Bahailik, Babilik
-
Bahailer, Bahailiğin yeni ve son bir din olduğunu iddia ederler. Bahailer, İslâm, Batınilik, Hurûfilik, Hırıstiyanlık ve Yahudilik’ten aldıkları bazı prensipleri birleştirerek, kendilerine "Bahailik dinî" adıyla senkretik bir din oluşturmaya çalışmaktadırlar. Aslında Bahailik, Şiî Şeyhîlik tarikatına dayalı olarak şekillenen Babiliğin hazırladığı zemin üzerinde gelişmiş bir mezheptir. Şiîliğin gulat (aşırı) hareketlerinden birisidir de denebilir.
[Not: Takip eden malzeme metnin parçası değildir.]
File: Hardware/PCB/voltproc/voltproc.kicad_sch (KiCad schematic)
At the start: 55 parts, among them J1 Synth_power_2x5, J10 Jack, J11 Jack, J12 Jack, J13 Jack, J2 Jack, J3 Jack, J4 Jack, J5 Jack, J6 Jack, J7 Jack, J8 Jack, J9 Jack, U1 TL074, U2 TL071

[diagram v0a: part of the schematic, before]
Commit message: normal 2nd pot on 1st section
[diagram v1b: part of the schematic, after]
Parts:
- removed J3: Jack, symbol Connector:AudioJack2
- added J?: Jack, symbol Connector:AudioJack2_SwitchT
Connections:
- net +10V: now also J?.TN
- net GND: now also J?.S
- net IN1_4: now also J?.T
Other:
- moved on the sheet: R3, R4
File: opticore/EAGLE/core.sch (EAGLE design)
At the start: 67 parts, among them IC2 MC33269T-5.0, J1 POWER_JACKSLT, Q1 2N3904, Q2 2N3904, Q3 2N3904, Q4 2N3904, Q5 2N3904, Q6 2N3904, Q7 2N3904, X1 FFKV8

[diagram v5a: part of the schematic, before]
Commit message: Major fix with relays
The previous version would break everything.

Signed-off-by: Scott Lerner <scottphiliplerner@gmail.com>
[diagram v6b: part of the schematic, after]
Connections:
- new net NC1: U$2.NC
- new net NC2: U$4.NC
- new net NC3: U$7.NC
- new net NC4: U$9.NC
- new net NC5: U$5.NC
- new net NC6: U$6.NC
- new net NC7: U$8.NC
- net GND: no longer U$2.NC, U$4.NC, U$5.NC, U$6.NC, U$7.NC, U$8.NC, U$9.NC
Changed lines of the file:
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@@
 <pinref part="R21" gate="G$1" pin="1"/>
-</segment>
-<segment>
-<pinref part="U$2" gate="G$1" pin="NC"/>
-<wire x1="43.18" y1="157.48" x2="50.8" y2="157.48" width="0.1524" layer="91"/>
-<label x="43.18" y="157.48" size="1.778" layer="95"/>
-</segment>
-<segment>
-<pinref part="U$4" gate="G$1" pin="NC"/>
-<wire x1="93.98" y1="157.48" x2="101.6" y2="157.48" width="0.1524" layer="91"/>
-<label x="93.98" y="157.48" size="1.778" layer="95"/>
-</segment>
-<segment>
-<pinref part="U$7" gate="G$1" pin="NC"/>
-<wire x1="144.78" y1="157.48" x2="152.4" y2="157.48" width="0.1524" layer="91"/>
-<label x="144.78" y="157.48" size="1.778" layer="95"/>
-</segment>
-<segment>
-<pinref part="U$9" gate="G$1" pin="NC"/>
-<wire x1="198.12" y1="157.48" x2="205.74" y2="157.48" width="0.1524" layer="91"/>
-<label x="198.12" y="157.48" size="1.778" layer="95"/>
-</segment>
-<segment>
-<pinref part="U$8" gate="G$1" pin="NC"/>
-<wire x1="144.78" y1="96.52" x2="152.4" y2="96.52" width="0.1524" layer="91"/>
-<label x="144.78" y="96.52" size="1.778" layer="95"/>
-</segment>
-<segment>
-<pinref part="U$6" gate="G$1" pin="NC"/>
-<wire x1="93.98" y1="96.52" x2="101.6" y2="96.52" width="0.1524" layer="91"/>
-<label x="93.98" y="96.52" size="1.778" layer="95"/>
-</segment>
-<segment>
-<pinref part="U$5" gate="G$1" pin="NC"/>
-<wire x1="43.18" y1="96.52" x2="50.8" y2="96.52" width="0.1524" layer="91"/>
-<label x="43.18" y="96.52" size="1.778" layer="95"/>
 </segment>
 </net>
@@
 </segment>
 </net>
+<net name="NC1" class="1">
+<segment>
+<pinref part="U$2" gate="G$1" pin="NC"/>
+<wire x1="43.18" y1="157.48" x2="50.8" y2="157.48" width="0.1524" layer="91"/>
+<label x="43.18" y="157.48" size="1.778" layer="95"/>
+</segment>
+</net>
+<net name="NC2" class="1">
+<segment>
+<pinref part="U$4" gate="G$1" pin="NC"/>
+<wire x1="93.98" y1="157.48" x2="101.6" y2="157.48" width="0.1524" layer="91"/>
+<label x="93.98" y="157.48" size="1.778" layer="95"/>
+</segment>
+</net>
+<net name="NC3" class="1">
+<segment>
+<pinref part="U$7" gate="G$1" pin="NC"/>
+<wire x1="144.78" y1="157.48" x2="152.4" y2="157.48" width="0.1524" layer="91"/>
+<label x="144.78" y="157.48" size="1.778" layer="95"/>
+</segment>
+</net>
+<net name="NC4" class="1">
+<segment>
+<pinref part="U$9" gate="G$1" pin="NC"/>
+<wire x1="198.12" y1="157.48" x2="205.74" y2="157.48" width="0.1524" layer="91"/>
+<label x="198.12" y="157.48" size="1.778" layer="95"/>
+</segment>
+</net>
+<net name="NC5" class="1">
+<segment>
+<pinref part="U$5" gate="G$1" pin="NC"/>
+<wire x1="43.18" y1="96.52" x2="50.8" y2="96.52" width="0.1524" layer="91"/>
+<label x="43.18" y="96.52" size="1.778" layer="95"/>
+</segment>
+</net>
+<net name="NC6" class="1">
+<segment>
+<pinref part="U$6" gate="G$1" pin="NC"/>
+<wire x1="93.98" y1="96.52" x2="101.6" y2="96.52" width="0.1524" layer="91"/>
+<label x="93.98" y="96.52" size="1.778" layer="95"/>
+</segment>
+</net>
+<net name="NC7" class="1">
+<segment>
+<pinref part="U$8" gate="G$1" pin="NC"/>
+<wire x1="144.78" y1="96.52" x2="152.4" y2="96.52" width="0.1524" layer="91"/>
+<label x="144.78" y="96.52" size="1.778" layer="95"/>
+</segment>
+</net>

Bahailer kendilerine özgü itikat ve ibadet esasları oluşturmuşlardır. Bahailere göre Allah’a, kitaplarına, resullerine, kıyamete, Bâb ve Baha’ya inanmak iman esasıdır. Allah her şeyin yaratıcısıdır; birdir, tektir, eşi ve benzeri yoktur. Allah’ın varlığı, emrinin zuhuruna muhtaçtır. Allah’ın zuhuru, kulları için süreklidir; bu zuhurlar nebiler ve resullerdir. En son Bahaullah’ta zuhur etmiştir. Nebî ve resûl kendisinde tecelli eden varlığın vücudunda kaybolur (Fığlalı, 1994, 59-60). Mirza Hüseyin Ali, Allah'ın kendisine hulûl ettiğini iddia ediyordu. Bununla da yetinmeyerek kendisinin ilahî vasıflara sahip olduğunu ve yaptığından sorumlu olmayan bir ilah olduğunu ileri sürmüştür. Bahai inancında, Tanrı ile insan, yaratan ve yaratılan birbirine karıştırılmıştır. Hz. Muhammed nasıl daha önceki dinleri neshetmiş ise, aynı şekilde Bahaullah da İslâm dinîni neshetmiştir. Bu iddiasıyla da bütün dinlerin kardeşliği fikriyle çelişmektedir Bahailere göre, peygamberler Allah’ın zuhurudurlar. Bundan dolayı Peygamberlere resul ve nebi demek yerine Mezâhir-i İlahiyye (Tanrı Zuhurları) adını verirler. Allah zuhur için peygamberlere muhtaçtır. Bahaullah’a göre, peygamberlerin birisi beşerî, diğeri ilahî olmak üzere iki özelliği vardır. İkinci özellikleriyle, bir anlamda tanrıdırlar. Onunla konuşmak ve ona secde etmek Allah’a secde etmek olarak algılanır. Bütün nebiler ve Resuller, Tanrı Zuhuru olan vaat edilen Baha’yı müjdelemek için gönderilmiştir. Hz. Muhammed,"resullerin" değil "nebilerin" sonuncusudur. Allah'ın mürsillik sıfatı hiç bir zaman sona ermez. Bu sebeple vahiy süreklidir, sona ermemiştir. Allah her şeyi kendisine vahyetmiştir. Bahaullah’tan sonra da Tanrı zuhuru olacaktır, ancak bin yıldan önce gelmeyecektir (Fığlalı, 1994, 61-62). Bahailere göre ölüm Tanrı’ya bir yolculuktur. Ruh bedenden ayrıldıktan sonra yaşamaya devam eder. Cesedler yeniden
dirilmeyecektir. Azaba ve lütfa uğrayacak ruhlardır. Cennet, Allah’a yakınlık, Cehennem ise, onun bağışından mahrum kalmaktır.